I have found online clicker training courses through the Karen Pryor academy helpful. The Fenzi dog sports school is also good, from what I hear, although I haven't tried it ( yet).


----------



## carmspack (Feb 2, 2011)

lalachka said:


> so a club is good for this situation but wasn't for mine. so much hypocrisy on this board.


relax , no one is recommending a club for her to do schutzhund . She lives in an area where there are not a lot of trainers . The one she has I don't believe is of much help to her. At least members of the schutzhund club may be more savy of other trainers , even basic obedience trainers.

sheesh - hypocrisy ? no! custom tailored answer ? yes .


----------



## carmspack (Feb 2, 2011)

seems everyone and their brother is doing SAR , but often it is sar-like for recreation , not for certification and real work.


----------



## carmspack (Feb 2, 2011)

even if the OP wanted to belong to schutzhund , if they will have her and the dog , to do other exercises , at least lalachaka , this dog is predictable , and has no issues lunging at people or acting inappropriately aggressive .

is this read on the dog correct OP? 

the dog is just a bit of a wild-child


----------



## GSD Owner in Training :-) (Jul 8, 2013)

Yes. He is very much a spirited child. I do not see any full out aggression in him at all. He goes up to people on the street with his tail wagging, a little cautious but happy and is great to be pet. He also loves other dogs and does well with them. He will pull sometimes to get to them but never in an attack way. More of a I can't wait to go say hi, we could be best friends lol. 

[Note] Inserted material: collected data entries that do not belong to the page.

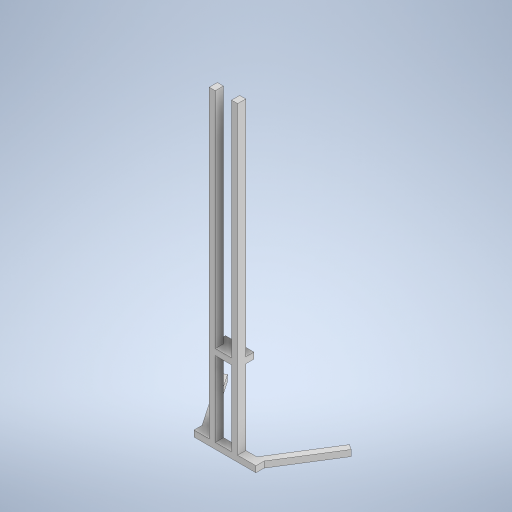
# Autodesk Inventor part: Стойка
Saved by Autodesk Inventor 2023 (Build 270158000, 158)
## iProperties
Created: 2022-05-29
Part Number: Стойка
Material: Типовые
Document SubType Name: Modeling
Designer: avkap
Density: 1 g/cm^3
Appearance: По умолчанию
Author: avkap
Autodesk Inventor part; units mm, degrees
ref_plane "YZ Plane" through (0, 0, 0) normal (1, 0, 0) x (0, 1, 0)
ref_plane "XZ Plane" through (0, 0, 0) normal (0, 1, 0) x (-1, 0, 0)
ref_plane "XY Plane" through (0, 0, 0) normal (0, 0, 1) x (1, 0, 0)
sketch "Эскиз1" plane through (0, 0, 0) normal (0, 0, 1) x (1, 0, 0)
  line L0 (0, 0) -> (110, 0)
  line L1 (0, 0) -> (15, 0)
  line L2 (15, 0) -> (-15, 0)
  line L3 (-15, 0) -> (-15, 1500)
  line L4 (-15, 1500) -> (15, 1500)
  line L5 (15, 1500) -> (15, 0)
  line L6 (110, 0) -> (95, 0)
  line L7 (95, 0) -> (125, 0)
  line L8 (125, 0) -> (125, 1500)
  line L9 (125, 1500) -> (95, 1500)
  line L10 (95, 1500) -> (95, 0)
  line L11 (0, 0) -> (-90, 0)
  line L12 (-90, 0) -> (-90, -30)
  line L13 (125, 0) -> (215, 0)
  line L14 (215, 0) -> (215, -30)
  line L15 (215, -30) -> (-90, -30)
  point P0 (-15, 0)
  dimension "d0" = 110
  dimension "d1" = 15
  dimension "d2" = 30
  dimension "d3" = 1500
  dimension "d4" = 15
  dimension "d5" = 30
  dimension "d6" = 1500
  dimension "d7" = 90
  dimension "d8" = 30
  dimension "d9" = 90
  constraints: 32 end point, 5 perpendicular, 4 parallel, 4 point on line, 3 horizontal
  measures "d0" distance of L0.start L0.end
  measures "d1" distance of L0.start L1.end
  measures "d2" distance of L3.end L4.end
  measures "d3" distance of L2.end L3.end
  measures "d4" distance of L0.end L6.end
  measures "d5" distance of L9.end L8.end
  measures "d6" distance of L8.end L7.end
  measures "d7" distance of L0.start L11.end
  measures "d8" distance of L11.end L12.end
  measures "d9" distance of L7.end L13.end
extrude "Выдавливание1" add sketch "Эскиз1" along normal blind 40
sketch "Эскиз2" plane through (-90, 0, 0) normal (0, 1, 0) x (1, 0, 0)
  line L0 (185, -40) -> (105, -40) projected
  line L1 (-191.3354, 280) -> (0, 0)
  line L2 (305, 0) -> (305, -40) projected
  line L3 (480.4002, 280) -> (305, 0)
  line L4 (445, 280) -> (269.5998, 0)
  line L5 (0, 0) -> (305, 0) projected
  line L6 (36.3354, 0) -> (-155, 280)
  line L7 (-191.3354, 280) -> (-155, 280)
  line L8 (445, 280) -> (480.4002, 280)
  line L9 (-155, 280) -> (445, 280)
  line L10 (0, 0) -> (0, -40) projected
  line L11 (0, 0) -> (36.3354, 0)
  line L12 (305, 0) -> (269.5998, 0)
  line L13 (305, 0) -> (215, 0) projected
  line L14 (185, 0) -> (105, 0) projected
  line L15 (145, 0) -> (145, 280)
  line L16 (270.8246, -0.1173) -> (29.7017, -0.1173)
  line L17 (-155, 280) -> (-179.7693, 263.0742)
  line L18 (445, 280) -> (470.4236, 264.0739)
  point P0 (90, 0)
  point P1 (269.5998, 0)
  dimension "d26" = 600
  dimension "d28" = 30
  dimension "d29" = 30
  constraints: 26 end point, 4 point on line, 3 perpendicular, 2 collinear, 2 horizontal, 2 midpoint, 1 parallel
  measures "d26" distance of L6.end L4.start
  measures "d28" distance between parallel lines of L3 L4
  measures "d29" distance between parallel lines of L6 L1
extrude "Выдавливание2" add sketch "Эскиз2" against normal blind 30 contours L17 L6 L5 L1 | L18 L3 L5 L4
sketch "Эскиз3" plane through (0, 0, 40) normal (0, 0, 1) x (1, 0, 0)
  line L0 (-15, 0) -> (-15, 400)
  line L1 (-15, 1500) -> (-15, 0) projected
  line L2 (-15, 400) -> (125, 400)
  line L3 (125, 0) -> (125, 1500) projected
  line L4 (125, 400) -> (125, 370)
  line L5 (125, 370) -> (-15, 370)
  point P0 (0, 0)
  point P1 (-15, 370)
  dimension "d22" = 400
  dimension "d23" = 30
  constraints: 8 end point, 3 point on line, 2 perpendicular, 1 horizontal
  measures "d22" distance of L0.start L0.end
  measures "d23" distance of L2.end L4.end
extrude "Выдавливание3" add sketch "Эскиз3" against normal blind 80

The reason I am wanting proper training is that I myself need to know how to train, be the alpha and make my dog feel more comfortable and respect me more. A lot of it has to do with me needing proper advice and showing how to do it ( I am a very hands on person and need this to learn, just listening over phone can be hard for me to understand and I don't always pick everything up from videos) so this makes my location really sucky for any help because we are a small place. And some of it is just that Kato is very spirited and has not had the proper training to keep him in line. Although I think some of it came from maybe not being fully socialized as a puppy when he came to us. As some behaviours just seemed of when he was a puppy. But at the time we just figured it was a normal GSD personality and didn't look into it further until recently when we found out it is not normal behaviour . Hence looking for a trainer.


----------



## GSD Owner in Training :-) (Jul 8, 2013)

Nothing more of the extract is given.